When electronics technicians and engineers troubleshoot electronic components and systems, they test the boards and components under load because by testing under load, the quality of the components and the characteristics of the system are revealed. A similar reasoning demands that electricians and technicians test the power source under load.

Until recently, routine load tests have been impractical because they were time consuming, required a couple of devices and instruments, interrupted the circuits use and on deficient circuits, could be unsafe to perform. However, easy-to-use, safe and cost-effective plug-in testers that perform a series of basic tests under a 15 ampere load are now available. In little more time than it takes an electrician to test whether a circuit is live, the load tester is plugged into a receptacle which places a full load on the circuit for a fraction of a second. The microprocessor system measures the line voltage under no load and then under a 15 ampere load and calculates the impedance of the total circuit and displays it as a % voltage drop. The impedance (resistance) of the entire circuit includes the receptacle, the building wiring, the panel box, the meter - all the way to the transformer on the utility pole. If there is a high resistance in any connection in that circuit due to a bad splice or loose connection, or because of a damaged conductor, its condition will be revealed in this test.

Excess voltage drop may also indicate undersized wires. Excess voltage drop decreases the efficiency of some devices and the reduced voltage can possibly cause damage to the equipment. In addition to wasting energy, the generation of heat in the fixed wiring can be a fire hazard if the cause of the excess voltage drop is a point source such as a loose connection or bad splice - and is in contact with a combustible material.

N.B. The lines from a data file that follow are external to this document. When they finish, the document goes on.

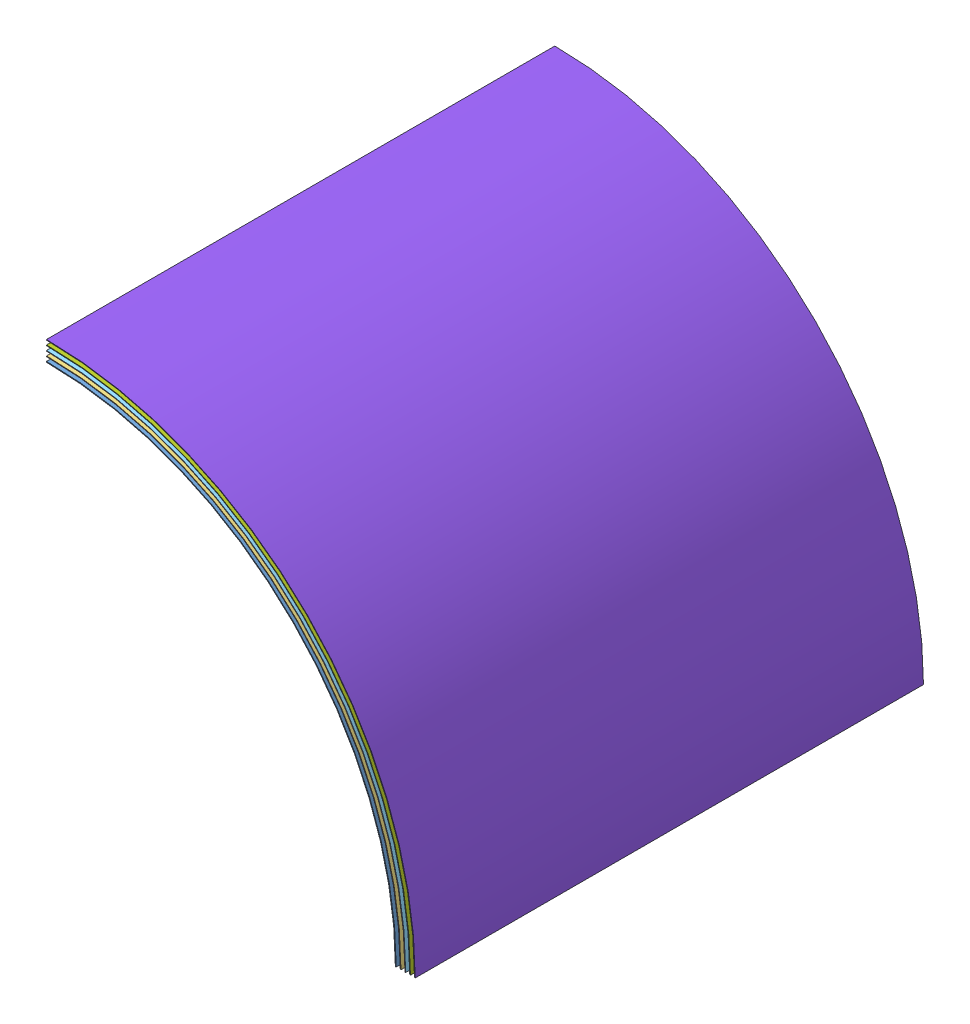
SolidWorks assembly NASA RASC-AL Whipple Shiled PRTYv3.SLDASM, configuration Default (file format 13000). Lengths in mm.
Overall size (2176 2176 3000).
8 component instances, 8 part files, 21 mates.
Components (placement in the parent):
- NASA RASC-AL Whipple Shield Rear Wall PRTYv3-1: NASA RASC-AL Whipple Shield Rear Wall PRTYv3.SLDPRT [Default] at (-265.9839 568.5624 3965.6767) size (2064 2064 3000)
- NASA RASC-AL Whipple Shield Kevlar 1 PRTYv3-1: NASA RASC-AL Whipple Shield Kevlar 1 PRTYv3.SLDPRT [Default] at (-265.9839 568.5624 3965.6767) size (2090 2090 3000)
- NASA RASC-AL Whipple Shield Nextol 1 PRTYv3-2: NASA RASC-AL Whipple Shield Nextol 1 PRTYv3.SLDPRT [Default] at (-265.9839 568.5624 3965.6767) size (2092 2092 3000)
- NASA RASC-AL Whipple Shield Kevlar 2 PRTYv3-1: NASA RASC-AL Whipple Shield Kevlar 2 PRTYv3.SLDPRT [Default] at (-265.9839 568.5624 3965.6767) size (2118 2118 3000)
- NASA RASC-AL Whipple Shield Nextol 2 PRTYv3-1: NASA RASC-AL Whipple Shield Nextol 2 PRTYv3.SLDPRT [Default] at (-265.9839 568.5624 3965.6767) size (2120 2120 3000)
- NASA RASC-AL Whipple Shield Kevlar 3 PRTYv3-1: NASA RASC-AL Whipple Shield Kevlar 3 PRTYv3.SLDPRT [Default] at (-265.9839 568.5624 3965.6767) size (2146 2146 3000)
- NASA RASC-AL Whipple Shield Nextol 3 PRTYv3-1: NASA RASC-AL Whipple Shield Nextol 3 PRTYv3.SLDPRT [Default] at (-265.9839 568.5624 3965.6767) size (2148 2148 3000)
- NASA RASC-AL Whipple Shield Front Bummper PRTYv3-1: NASA RASC-AL Whipple Shield Front Bummper PRTYv3.SLDPRT [Default] at (-265.9839 568.5624 3965.6767) size (2176 2176 3000)
Mates (geometry in assembly coordinates):
- Concentric1: concentric aligned: cylinder of NASA RASC-AL Whipple Shield Rear Wall PRTYv3-1 through (-265.9839 568.5624 965.6767) axis (0 0 1) radius 2064; cylinder of NASA RASC-AL Whipple Shield Kevlar 1 PRTYv3-1 through (-265.9839 568.5624 965.6767) axis (0 0 1) radius 2088
- Coincident1: coincident aligned: plane of NASA RASC-AL Whipple Shield Rear Wall PRTYv3-1 through (-265.9839 568.5624 3965.6767) normal (0 0 1); plane of NASA RASC-AL Whipple Shield Kevlar 1 PRTYv3-1 through (-265.9839 568.5624 3965.6767) normal (0 0 1)
- Coincident2: coincident aligned: plane of NASA RASC-AL Whipple Shield Rear Wall PRTYv3-1 through (-265.9839 2632.5624 965.6767) normal (-1 0 0); plane of NASA RASC-AL Whipple Shield Kevlar 1 PRTYv3-1 through (-265.9839 2658.5624 965.6767) normal (-1 0 0)
- Concentric3: concentric aligned: cylinder of NASA RASC-AL Whipple Shield Kevlar 1 PRTYv3-1 through (-265.9839 568.5624 965.6767) axis (0 0 1) radius 2090; cylinder of NASA RASC-AL Whipple Shield Nextol 1 PRTYv3-2 through (-265.9839 568.5624 965.6767) axis (0 0 1) radius 2090
- Coincident3: coincident aligned: plane of NASA RASC-AL Whipple Shield Kevlar 1 PRTYv3-1 through (-265.9839 568.5624 3965.6767) normal (0 0 1); plane of NASA RASC-AL Whipple Shield Nextol 1 PRTYv3-2 through (-265.9839 568.5624 3965.6767) normal (0 0 1)
- Coincident4: coincident aligned: plane of NASA RASC-AL Whipple Shield Kevlar 1 PRTYv3-1 through (-265.9839 2658.5624 965.6767) normal (-1 0 0); plane of NASA RASC-AL Whipple Shield Nextol 1 PRTYv3-2 through (-265.9839 2660.5624 965.6767) normal (-1 0 0)
- Concentric4: concentric aligned: cylinder of NASA RASC-AL Whipple Shield Nextol 1 PRTYv3-2 through (-265.9839 568.5624 965.6767) axis (0 0 1) radius 2092; cylinder of NASA RASC-AL Whipple Shield Kevlar 2 PRTYv3-1 through (-265.9839 568.5624 965.6767) axis (0 0 1) radius 2116
- Coincident5: coincident aligned: plane of NASA RASC-AL Whipple Shield Rear Wall PRTYv3-1 through (-265.9839 2632.5624 965.6767) normal (-1 0 0); plane of NASA RASC-AL Whipple Shield Kevlar 2 PRTYv3-1 through (-265.9839 2686.5624 965.6767) normal (-1 0 0)
- Coincident6: coincident aligned: plane of NASA RASC-AL Whipple Shield Nextol 1 PRTYv3-2 through (-265.9839 568.5624 3965.6767) normal (0 0 1); plane of NASA RASC-AL Whipple Shield Kevlar 2 PRTYv3-1 through (-265.9839 568.5624 3965.6767) normal (0 0 1)
- Concentric5: concentric aligned: cylinder of NASA RASC-AL Whipple Shield Kevlar 2 PRTYv3-1 through (-265.9839 568.5624 965.6767) axis (0 0 1) radius 2118; cylinder of NASA RASC-AL Whipple Shield Nextol 2 PRTYv3-1 through (-265.9839 568.5624 965.6767) axis (0 0 1) radius 2118
- Coincident7: coincident aligned: plane of NASA RASC-AL Whipple Shield Kevlar 2 PRTYv3-1 through (-265.9839 2686.5624 965.6767) normal (-1 0 0); plane of NASA RASC-AL Whipple Shield Nextol 2 PRTYv3-1 through (-265.9839 2688.5624 965.6767) normal (-1 0 0)
- Coincident8: coincident aligned: plane of NASA RASC-AL Whipple Shield Rear Wall PRTYv3-1 through (-265.9839 568.5624 3965.6767) normal (0 0 1); plane of NASA RASC-AL Whipple Shield Nextol 2 PRTYv3-1 through (-265.9839 568.5624 3965.6767) normal (0 0 1)
- Concentric6: concentric aligned: cylinder of NASA RASC-AL Whipple Shield Nextol 2 PRTYv3-1 through (-265.9839 568.5624 965.6767) axis (0 0 1) radius 2120; cylinder of NASA RASC-AL Whipple Shield Kevlar 3 PRTYv3-1 through (-265.9839 568.5624 965.6767) axis (0 0 1) radius 2144
- Coincident9: coincident aligned: plane of NASA RASC-AL Whipple Shield Rear Wall PRTYv3-1 through (-265.9839 2632.5624 965.6767) normal (-1 0 0); plane of NASA RASC-AL Whipple Shield Kevlar 3 PRTYv3-1 through (-265.9839 2714.5624 965.6767) normal (-1 0 0)
- Coincident10: coincident aligned: plane of NASA RASC-AL Whipple Shield Rear Wall PRTYv3-1 through (-265.9839 568.5624 3965.6767) normal (0 0 1); plane of NASA RASC-AL Whipple Shield Kevlar 3 PRTYv3-1 through (-265.9839 568.5624 3965.6767) normal (0 0 1)
- Concentric10: concentric aligned: cylinder of NASA RASC-AL Whipple Shield Kevlar 3 PRTYv3-1 through (-265.9839 568.5624 965.6767) axis (0 0 1) radius 2146; cylinder of NASA RASC-AL Whipple Shield Nextol 3 PRTYv3-1 through (-265.9839 568.5624 965.6767) axis (0 0 1) radius 2146
- Coincident14: coincident aligned: plane of NASA RASC-AL Whipple Shield Kevlar 3 PRTYv3-1 through (-265.9839 568.5624 3965.6767) normal (0 0 1); plane of NASA RASC-AL Whipple Shield Nextol 3 PRTYv3-1 through (-265.9839 568.5624 3965.6767) normal (0 0 1)
- Coincident15: coincident aligned: plane of NASA RASC-AL Whipple Shield Kevlar 3 PRTYv3-1 through (-265.9839 2714.5624 965.6767) normal (-1 0 0); plane of NASA RASC-AL Whipple Shield Nextol 3 PRTYv3-1 through (-265.9839 2716.5624 965.6767) normal (-1 0 0)
- Concentric11: concentric aligned: cylinder of NASA RASC-AL Whipple Shield Nextol 3 PRTYv3-1 through (-265.9839 568.5624 965.6767) axis (0 0 1) radius 2148; cylinder of NASA RASC-AL Whipple Shield Front Bummper PRTYv3-1 through (-265.9839 568.5624 965.6767) axis (0 0 1) radius 2172
- Coincident16: coincident aligned: plane of NASA RASC-AL Whipple Shield Nextol 3 PRTYv3-1 through (-265.9839 568.5624 3965.6767) normal (0 0 1); plane of NASA RASC-AL Whipple Shield Front Bummper PRTYv3-1 through (-265.9839 568.5624 3965.6767) normal (0 0 1)
- Coincident17: coincident aligned: plane of NASA RASC-AL Whipple Shield Nextol 3 PRTYv3-1 through (-265.9839 2716.5624 965.6767) normal (-1 0 0); plane of NASA RASC-AL Whipple Shield Front Bummper PRTYv3-1 through (-265.9839 2744.5624 965.6767) normal (-1 0 0)

Based on NFPA data, surveys(1) and investigations(2) during the period 1988-1993, more than 600,000 fires occurred every year in residential and non-residential buildings. As many as 25,000 of those fires were caused every year by high resistance connections in electrical distribution systems - in the form of poor connections, bad splices, and damaged conductors. The high resistance conditions that caused these fires could have been identified as hazards with a load test. The load test reveals high resistance connections and splices in branch circuits that otherwise would go undetected because they are hidden - in the receptacle, wall or panel box

The NEC recommends (as a footnote) that the impedance (resistance) of a branch circuit be no more than that which causes a 5% voltage drop in a circuit for reasonable efficiency.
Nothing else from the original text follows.